When we took our seats and started to watch it, on the plus side - it bore no resemblance to the game, other than there was a war game in progress, I suppose. The film looks great - there’s no denying that. The CGI is amazing and the film comes across as a cross between Transformers and Independence Day, but at sea.
Alien invaders decide to hit during a huge naval exercise off the islands of Hawaii.
If you can just walk away from the movie having enjoyed that - you’re laughing.
Spectacle and effects aside, there are some pretty big faults. The performances are, in the main pretty dire. As bad as the characters’ situations get - you don’t feel a sense of urgency or even compassion. Liam Neeson tries his best to elevate the film but despite his gravitas, there’s no denying that the script had big enough holes to pilot...well, a battleship through.
Examples? A missile is fired from one of the alien craft toward a destroyer. Seeing that the missile will strike the ship, the commander orders full reverse and the ship immediately goes backward, causing the missile to strike the ocean right in front of where the destroyer would have been had they not reversed.

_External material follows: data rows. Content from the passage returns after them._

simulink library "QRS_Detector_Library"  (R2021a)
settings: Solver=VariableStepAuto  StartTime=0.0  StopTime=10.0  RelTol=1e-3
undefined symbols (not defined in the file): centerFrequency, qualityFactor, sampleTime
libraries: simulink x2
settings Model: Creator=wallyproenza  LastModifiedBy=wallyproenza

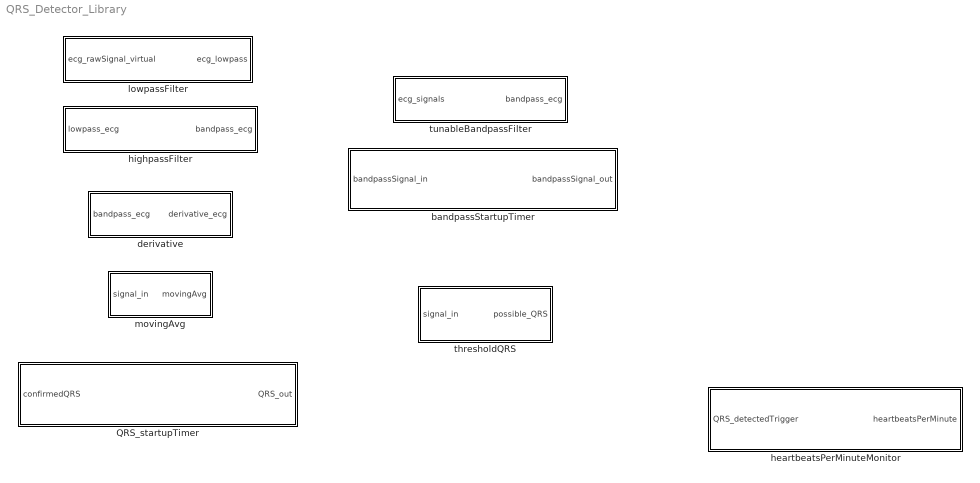
== system QRS_Detector_Library ==
  QRS_startupTimer : Subsystem
  bandpassStartupTimer : Subsystem
  derivative : Subsystem
  heartbeatsPerMinuteMonitor : Subsystem
  highpassFilter : Subsystem
  lowpassFilter : Subsystem
  movingAvg : Subsystem
  thresholdQRS : Subsystem
  tunableBandpassFilter : Subsystem

== system QRS_Detector_Library/QRS_startupTimer ==
  note: QRS startup timer helps avoid startup-related false positives
  confirmedQRS : Inport
  Cast To Double1 : DataTypeConversion  OutDataTypeStr=double
  Clock1 : Clock
  Switch1 : Switch  Criteria=u2 > Threshold  Threshold=900*sampleTime
  Zero1 : Constant  Value=0  OutDataTypeStr=Inherit: Inherit via back propagation
  QRS_out : Outport
  wires:
  confirmedQRS/1 -> Switch1/1
  Zero1/1 -> Switch1/3
  Cast To Double1/1 -> Switch1/2
  Switch1/1 -> QRS_out/1
  Clock1/1 -> Cast To Double1/1

== system QRS_Detector_Library/bandpassStartupTimer ==
  note: This bandpass startup timer helps avoids startup-related noise skew
  bandpassSignal_in : Inport
  Cast To Double : DataTypeConversion  OutDataTypeStr=double
  Clock : Clock
  Switch : Switch  Criteria=u2 > Threshold  Threshold=125*sampleTime
  Zero : Constant  Value=0  OutDataTypeStr=Inherit: Inherit via back propagation
  bandpassSignal_out : Outport
  wires:
  Cast To Double/1 -> Switch/2
  Switch/1 -> bandpassSignal_out/1
  bandpassSignal_in/1 -> Switch/1
  Zero/1 -> Switch/3
  Clock/1 -> Cast To Double/1

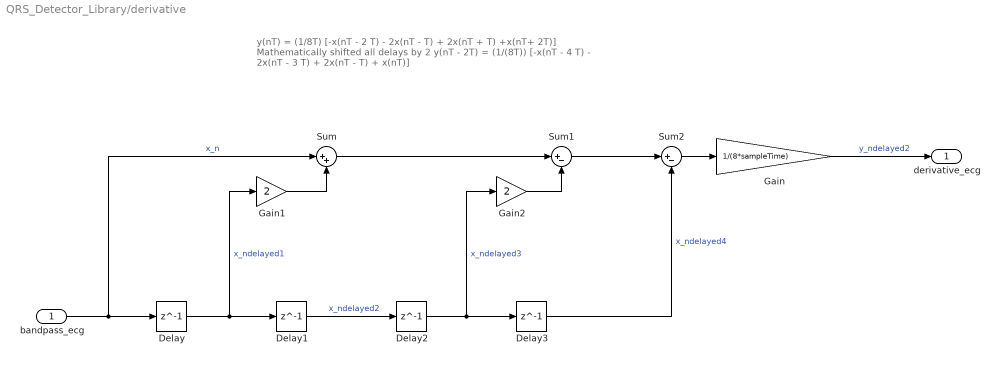
== system QRS_Detector_Library/derivative ==
  note: y(nT) = (1/8T) [-x(nT - 2 T) - 2x(nT - T) + 2x(nT + T) +x(nT+ 2T)]
      |
      | Mathematically shifted all delays by 2
      |
      | y(nT - 2T) = (1/(8T)) [-x(nT - 4 T) - 2x(nT - 3 T) + 2x(nT - T) + x(nT)]
  bandpass_ecg : Inport
  Delay{,1..3} (4 alike) : Delay  DelayLength=1  InitialCondition=0
  Gain : Gain  Gain=1/(8*sampleTime)
  Gain1 : Gain  Gain=2
  Gain2 : Gain  Gain=2
  Sum : Sum  Inputs=|++
  Sum1 : Sum  Inputs=|+-
  Sum2 : Sum  Inputs=|+-
  derivative_ecg : Outport
  wires:
  Gain/1 -> derivative_ecg/1  "y_ndelayed2"
  bandpass_ecg/1 -> Sum/1, Delay/1  "x_n"
  Delay/1 -> Gain1/1, Delay1/1  "x_ndelayed1"
  Delay1/1 -> Delay2/1  "x_ndelayed2"
  Delay2/1 -> Gain2/1, Delay3/1  "x_ndelayed3"
  Delay3/1 -> Sum2/2  "x_ndelayed4"
  Gain1/1 -> Sum/2
  Gain2/1 -> Sum1/2
  Sum/1 -> Sum1/1
  Sum1/1 -> Sum2/1
  Sum2/1 -> Gain/1

== system QRS_Detector_Library/heartbeatsPerMinuteMonitor ==
  QRS_detectedTrigger : Inport
  Cast To Double : DataTypeConversion  OutDataTypeStr=double
  Clock1 : Clock
  Compare To Constant : simulink/Logic and Bit Operations/Compare To Constant  relop=>=  const=900*sampleTime  OutDataTypeStr=boolean
  Enabled and Triggered Subsystem : Subsystem  TreatAsAtomicUnit=on
  heartbeatsPerMinute : Outport
  wires:
  QRS_detectedTrigger/1 -> Enabled and Triggered Subsystem/Trigger, Enabled and Triggered Subsystem/2(QRS_detectedTrigger)
  Clock1/1 -> Cast To Double/1
  Enabled and Triggered Subsystem/1(heartbeatsPerMinute) -> heartbeatsPerMinute/1
  Compare To Constant/1 -> Enabled and Triggered Subsystem/Enable
  Cast To Double/1 -> Enabled and Triggered Subsystem/1(clock), Compare To Constant/1

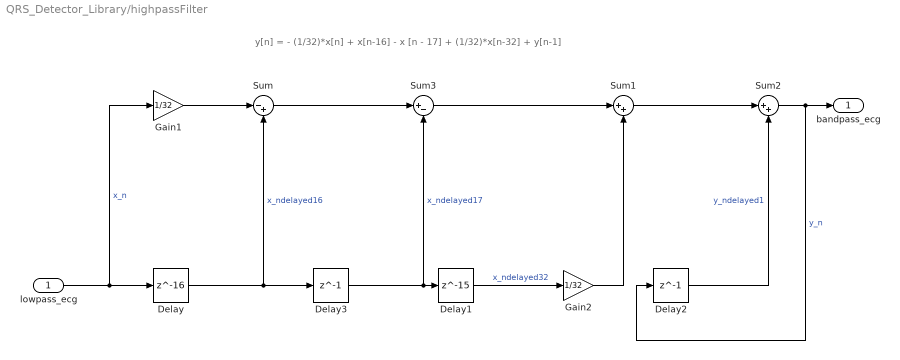
== system QRS_Detector_Library/highpassFilter ==
  note: y[n] = - (1/32)*x[n] + x[n-16] - x [n - 17] + (1/32)*x[n-32] + y[n-1]
  lowpass_ecg : Inport
  Delay : Delay  DelayLength=16  InitialCondition=0
  Delay1 : Delay  DelayLength=15  InitialCondition=0
  Delay2 : Delay  DelayLength=1  InitialCondition=0
  Delay3 : Delay  DelayLength=1  InitialCondition=0
  Gain1 : Gain  Gain=1/32
  Gain2 : Gain  Gain=1/32
  Sum : Sum  Inputs=|-+
  Sum1 : Sum  Inputs=|++
  Sum2 : Sum  Inputs=|++
  Sum3 : Sum  Inputs=|+-
  bandpass_ecg : Outport
  wires:
  lowpass_ecg/1 -> Gain1/1, Delay/1  "x_n"
  Delay/1 -> Delay3/1, Sum/2  "x_ndelayed16"
  Delay1/1 -> Gain2/1  "x_ndelayed32"
  Sum1/1 -> Sum2/1
  Delay2/1 -> Sum2/2  "y_ndelayed1"
  Sum2/1 -> Delay2/1, bandpass_ecg/1  "y_n"
  Gain1/1 -> Sum/1
  Delay3/1 -> Delay1/1, Sum3/2  "x_ndelayed17"
  Sum/1 -> Sum3/1
  Sum3/1 -> Sum1/1
  Gain2/1 -> Sum1/2

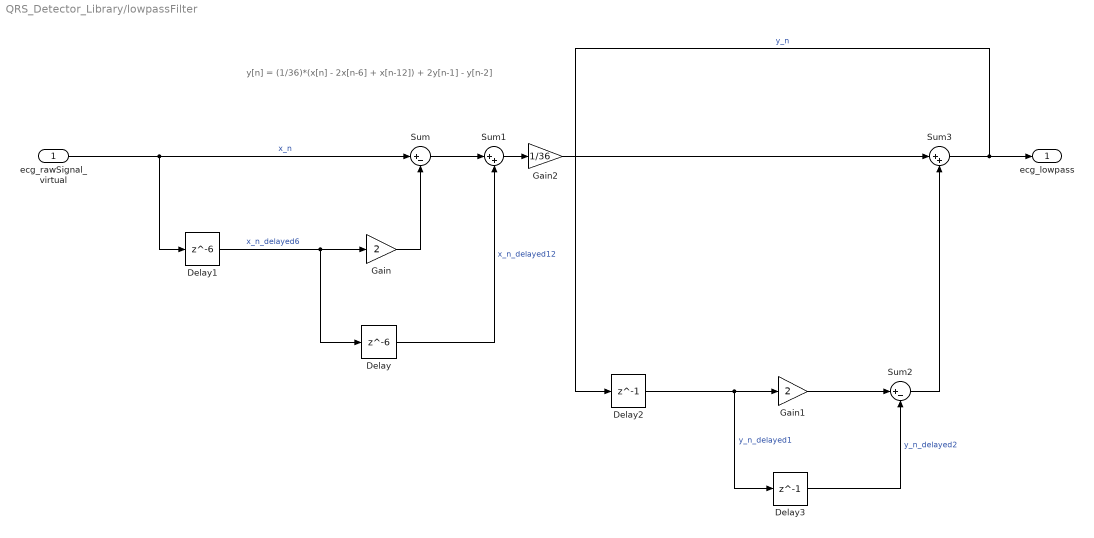
== system QRS_Detector_Library/lowpassFilter ==
  note: y[n] = (1/36)*(x[n] - 2x[n-6] + x[n-12]) + 2y[n-1] - y[n-2]
  ecg_rawSignal_virtual : Inport
  Delay : Delay  DelayLength=6  InitialCondition=0
  Delay1 : Delay  DelayLength=6  InitialCondition=0
  Delay2 : Delay  DelayLength=1  InitialCondition=0
  Delay3 : Delay  DelayLength=1  InitialCondition=0
  Gain : Gain  Gain=2
  Gain1 : Gain  Gain=2
  Gain2 : Gain  Gain=1/36
  Sum : Sum  Inputs=|+-
  Sum1 : Sum  Inputs=|++
  Sum2 : Sum  Inputs=|+-
  Sum3 : Sum  Inputs=|++
  ecg_lowpass : Outport
  wires:
  ecg_rawSignal_virtual/1 -> Delay1/1, Sum/1  "x_n"
  Delay1/1 -> Gain/1, Delay/1  "x_n_delayed6"
  Gain/1 -> Sum/2
  Delay/1 -> Sum1/2  "x_n_delayed12"
  Sum/1 -> Sum1/1
  Sum1/1 -> Gain2/1
  Delay2/1 -> Delay3/1, Gain1/1  "y_n_delayed1"
  Gain1/1 -> Sum2/1
  Delay3/1 -> Sum2/2  "y_n_delayed2"
  Sum2/1 -> Sum3/2
  Sum3/1 -> ecg_lowpass/1, Delay2/1  "y_n"
  Gain2/1 -> Sum3/1

== system QRS_Detector_Library/movingAvg ==
  signal_in : Inport
  Add : Sum  Inputs=+-+
  Constant : Constant  Value=38
  Delay : Delay  DelayLength=38  InitialCondition=0
  Delay1 : Delay  DelayLength=1  InitialCondition=0
  Divide : Product  Inputs=*/
  movingAvg : Outport
  wires:
  Constant/1 -> Divide/2
  Divide/1 -> movingAvg/1
  signal_in/1 -> Delay/1, Add/1  "x_n"
  Delay/1 -> Add/2  "x_ndelayed38"
  Add/1 -> Divide/1, Delay1/1  "currSum"
  Delay1/1 -> Add/3  "prevSum"

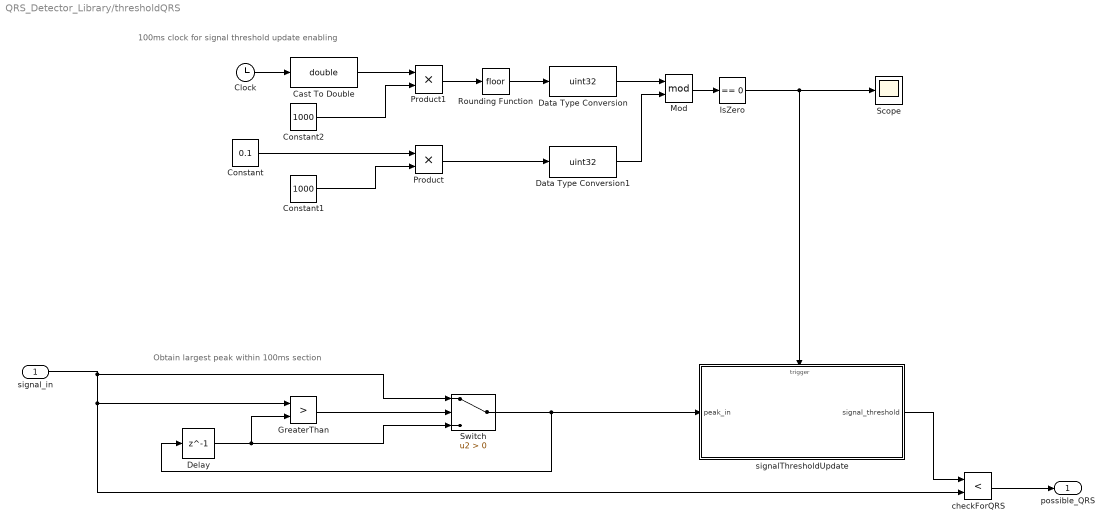
== system QRS_Detector_Library/thresholdQRS ==
  note: Obtain largest peak within 100ms section
  note: 100ms clock for signal threshold update enabling
  signal_in : Inport
  Cast To Double : DataTypeConversion  OutDataTypeStr=double
  Clock : Clock
  Constant : Constant  Value=0.1
  Constant1 : Constant  Value=1000
  Constant2 : Constant  Value=1000
  Data Type Conversion : DataTypeConversion  OutDataTypeStr=uint32
  Data Type Conversion1 : DataTypeConversion  OutDataTypeStr=uint32
  Delay : Delay  DelayLength=1  InitialCondition=0
  GreaterThan : RelationalOperator  Operator=>  OutDataTypeStr=boolean  RndMeth=Simplest
  IsZero : simulink/Logic and Bit Operations/Compare To Zero  relop===  OutDataTypeStr=boolean
  Mod : Math  Operator=mod  SaturateOnIntegerOverflow=on
  Product : Product
  Product1 : Product
  Rounding Function : Rounding
  Scope : Scope
  Switch : Switch  Criteria=u2 > Threshold
  checkForQRS : RelationalOperator  Operator=<  OutDataTypeStr=boolean  RndMeth=Simplest
  signalThresholdUpdate : Subsystem
  possible_QRS : Outport
  wires:
  signal_in/1 -> checkForQRS/2, GreaterThan/1, Switch/1
  signalThresholdUpdate/1(signal_threshold) -> checkForQRS/1
  Rounding Function/1 -> Data Type Conversion/1
  Constant/1 -> Product/1
  Product/1 -> Data Type Conversion1/1
  Constant1/1 -> Product/2
  Constant2/1 -> Product1/2
  Clock/1 -> Cast To Double/1
  Product1/1 -> Rounding Function/1
  Data Type Conversion1/1 -> Mod/2
  Data Type Conversion/1 -> Mod/1
  Mod/1 -> IsZero/1
  IsZero/1 -> signalThresholdUpdate/Trigger, Scope/1
  Cast To Double/1 -> Product1/1
  checkForQRS/1 -> possible_QRS/1
  GreaterThan/1 -> Switch/2
  Switch/1 -> Delay/1, signalThresholdUpdate/1(peak_in)
  Delay/1 -> Switch/3, GreaterThan/2

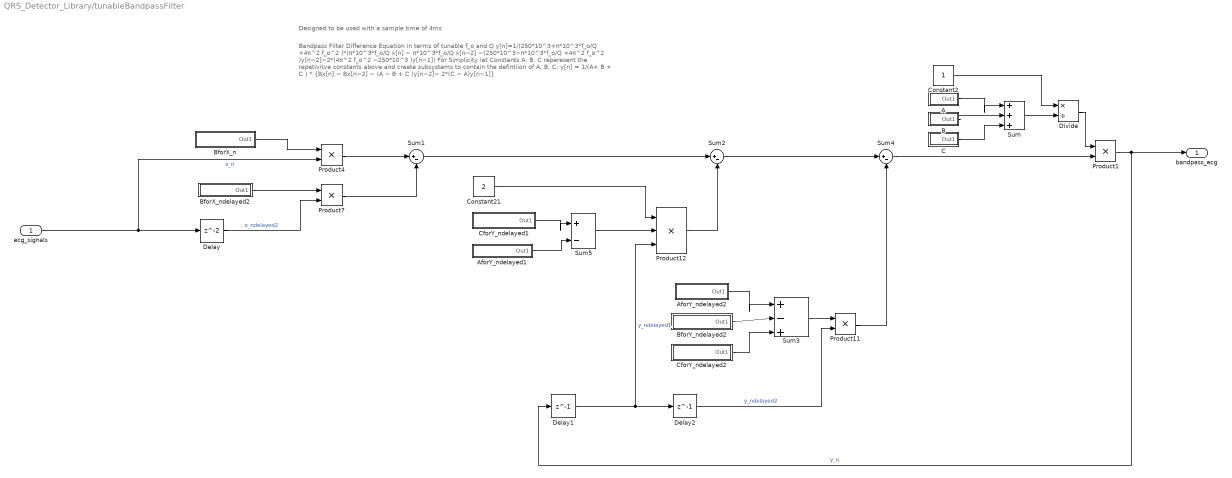
== system QRS_Detector_Library/tunableBandpassFilter ==
  note: Bandpass Filter Difference Equation in terms of tunable f_o and Q
      |
      | y[n]=1/(250*10^3+π*10^3*f_o/Q  +4π^2 f_o^2 )*(π*10^3*f_o/Q x[n]  − π*10^3*f_o/Q x[n−2]  −(250*10^3−π*10^3*f_o/Q  +4π^2 f_o^2 )y[n−2]−2*(4π^2 f_o^2  −250*10^3 )y[n−1])
      |
      |
      | For Simplicity let Constants A, B, C reperesent the repetivitve constants above and create subsystems to contain the defintiion of A, B, C:
      |
      | y[n] = 1/(A+ B + C ) * {Bx[n]  − Bx[n−2]  − (A − B + C )y[n−2]− 2*(C  − A)y[n−1]}
  note: Designed to be used with a sample time of 4ms
  ecg_signals : Inport
  A : Subsystem
  AforY_ndelayed1 : Subsystem
  AforY_ndelayed2 : Subsystem
  B : Subsystem
  BforX_n : Subsystem
  BforX_ndelayed2 : Subsystem
  BforY_ndelayed2 : Subsystem
  C : Subsystem
  CforY_ndelayed1 : Subsystem
  CforY_ndelayed2 : Subsystem
  Constant2 : Constant
  Constant21 : Constant  Value=2
  Delay : Delay  InitialCondition=0
  Delay1 : Delay  DelayLength=1  InitialCondition=0
  Delay2 : Delay  DelayLength=1  InitialCondition=0
  Divide : Product  Inputs=*/
  Product{1,4,7,11} (4 alike) : Product
  Product12 : Product  Inputs=3
  Sum : Sum  Inputs=|+++
  Sum{1..2,4..5} (4 alike) : Sum  Inputs=|+-
  Sum3 : Sum  Inputs=|+-+
  bandpass_ecg : Outport
  wires:
  ecg_signals/1 -> Product4/2, Delay/1  "x_n"
  Delay1/1 -> Product12/3, Delay2/1  "y_ndelayed1"
  Product1/1 -> Delay1/1, bandpass_ecg/1  "y_n"
  Constant2/1 -> Divide/1
  Sum/1 -> Divide/2
  Divide/1 -> Product1/1
  Product4/1 -> Sum1/1
  Product7/1 -> Sum1/2
  Delay/1 -> Product7/2  "x_ndelayed2"
  Sum1/1 -> Sum2/1
  Sum3/1 -> Product11/1
  Product11/1 -> Sum4/2
  Delay2/1 -> Product11/2  "y_ndelayed2"
  Sum4/1 -> Product1/2
  Sum2/1 -> Sum4/1
  Product12/1 -> Sum2/2
  Constant21/1 -> Product12/1
  Sum5/1 -> Product12/2
  A/1(Out1) -> Sum/1
  B/1(Out1) -> Sum/2
  C/1(Out1) -> Sum/3
  BforX_n/1(Out1) -> Product4/1
  BforX_ndelayed2/1(Out1) -> Product7/1
  AforY_ndelayed1/1(Out1) -> Sum5/2
  CforY_ndelayed1/1(Out1) -> Sum5/1
  AforY_ndelayed2/1(Out1) -> Sum3/1
  BforY_ndelayed2/1(Out1) -> Sum3/2
  CforY_ndelayed2/1(Out1) -> Sum3/3

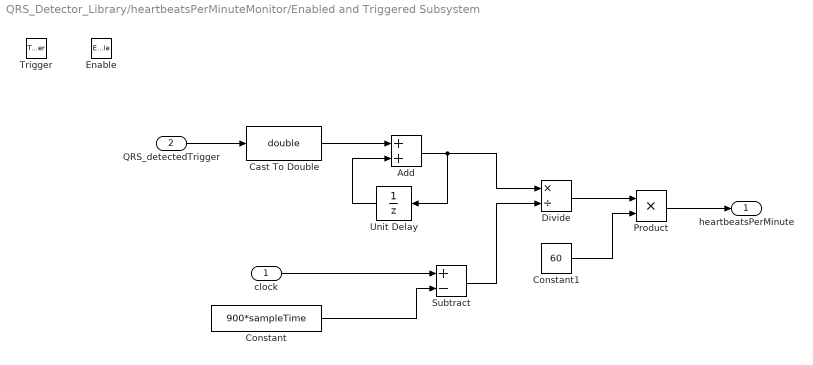
== system QRS_Detector_Library/heartbeatsPerMinuteMonitor/Enabled and Triggered Subsystem ==
  clock : Inport
  QRS_detectedTrigger : Inport  Port=2
  Enable : EnablePort
  Trigger : TriggerPort  VariantControl=(inherit)
  Add : Sum
  Cast To Double : DataTypeConversion  OutDataTypeStr=double
  Constant : Constant  Value=900*sampleTime
  Constant1 : Constant  Value=60
  Divide : Product  Inputs=*/
  Product : Product
  Subtract : Sum  Inputs=+-
  Unit Delay : UnitDelay  SampleTime=-1  HasFrameUpgradeWarning=on
  heartbeatsPerMinute : Outport
  wires:
  clock/1 -> Subtract/1
  Constant/1 -> Subtract/2
  Constant1/1 -> Product/2
  Subtract/1 -> Divide/2
  Product/1 -> heartbeatsPerMinute/1
  QRS_detectedTrigger/1 -> Cast To Double/1
  Add/1 -> Unit Delay/1, Divide/1
  Unit Delay/1 -> Add/2
  Divide/1 -> Product/1
  Cast To Double/1 -> Add/1

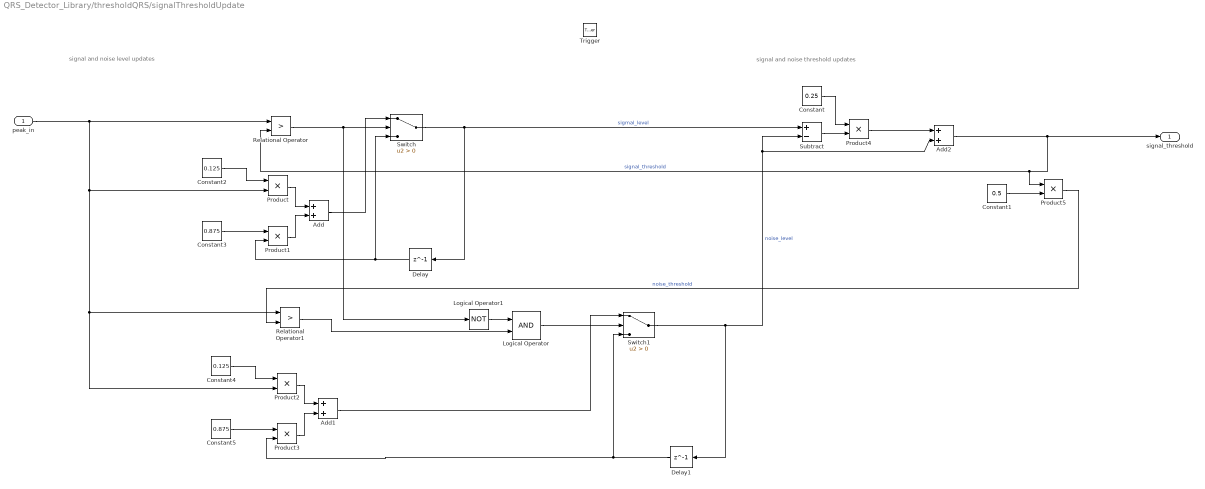
== system QRS_Detector_Library/thresholdQRS/signalThresholdUpdate ==
  note: signal and noise threshold updates
  note: signal and noise level updates
  peak_in : Inport
  Trigger : TriggerPort  VariantControl=(inherit)  PortDimensions=1
  Add : Sum
  Add1 : Sum
  Add2 : Sum
  Constant : Constant  Value=0.25
  Constant1 : Constant  Value=0.5
  Constant2 : Constant  Value=0.125
  Constant3 : Constant  Value=0.875
  Constant4 : Constant  Value=0.125
  Constant5 : Constant  Value=0.875
  Delay : Delay  DelayLength=1  InitialCondition=0
  Delay1 : Delay  DelayLength=1  InitialCondition=0
  Logical Operator : Logic  IconShape=distinctive  AllPortsSameDT=off  OutDataTypeStr=boolean
  Logical Operator1 : Logic  Operator=NOT  IconShape=distinctive  AllPortsSameDT=off  OutDataTypeStr=boolean
  Product{,1..5} (6 alike) : Product
  Relational Operator : RelationalOperator  Operator=>  OutDataTypeStr=boolean  RndMeth=Simplest
  Relational Operator1 : RelationalOperator  Operator=>  OutDataTypeStr=boolean  RndMeth=Simplest
  Subtract : Sum  Inputs=+-
  Switch : Switch  Criteria=u2 > Threshold
  Switch1 : Switch  Criteria=u2 > Threshold
  signal_threshold : Outport
  wires:
  Constant5/1 -> Product3/1
  Product3/1 -> Add1/2
  Add/1 -> Switch/1
  Product2/1 -> Add1/1
  Switch1/1 -> Delay1/1, Add2/2, Subtract/2  "noise_level"
  Product/1 -> Add/1
  Constant2/1 -> Product/1
  Constant1/1 -> Product5/2
  Add2/1 -> signal_threshold/1, Product5/1, Relational Operator/2  "signal_threshold"
  Product4/1 -> Add2/1
  Logical Operator/1 -> Switch1/2
  Constant/1 -> Product4/1
  peak_in/1 -> Relational Operator/1, Product/2, Relational Operator1/1, Product2/2
  Delay1/1 -> Product3/2, Switch1/3
  Logical Operator1/1 -> Logical Operator/1
  Constant4/1 -> Product2/1
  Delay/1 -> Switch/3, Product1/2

Now I’m not a naval man, nor a sea going person. Hell, I can’t even swim. But surely the fact that the ship was travelling forward at a rate of knots would mean that momentum would’ve prevented such a sudden change of direction. And in case - if it was that easy to change a ship’s direction, how come the Titanic sank. Why didn’t THEY just slam it into reverse?
It gets better - apparently (and this was news to me) another was to turn a huge ship quickly is to drop the anchor while it’s going at full speed. The anchor stops the ship and there’s enough momentum (oh, NOW there’s momentum) with the anchor lodged firmly in the sea bed, to perform the ocean going equivalent of a hand brake turn. Really? And the ship’s NOT torn apart? Wow.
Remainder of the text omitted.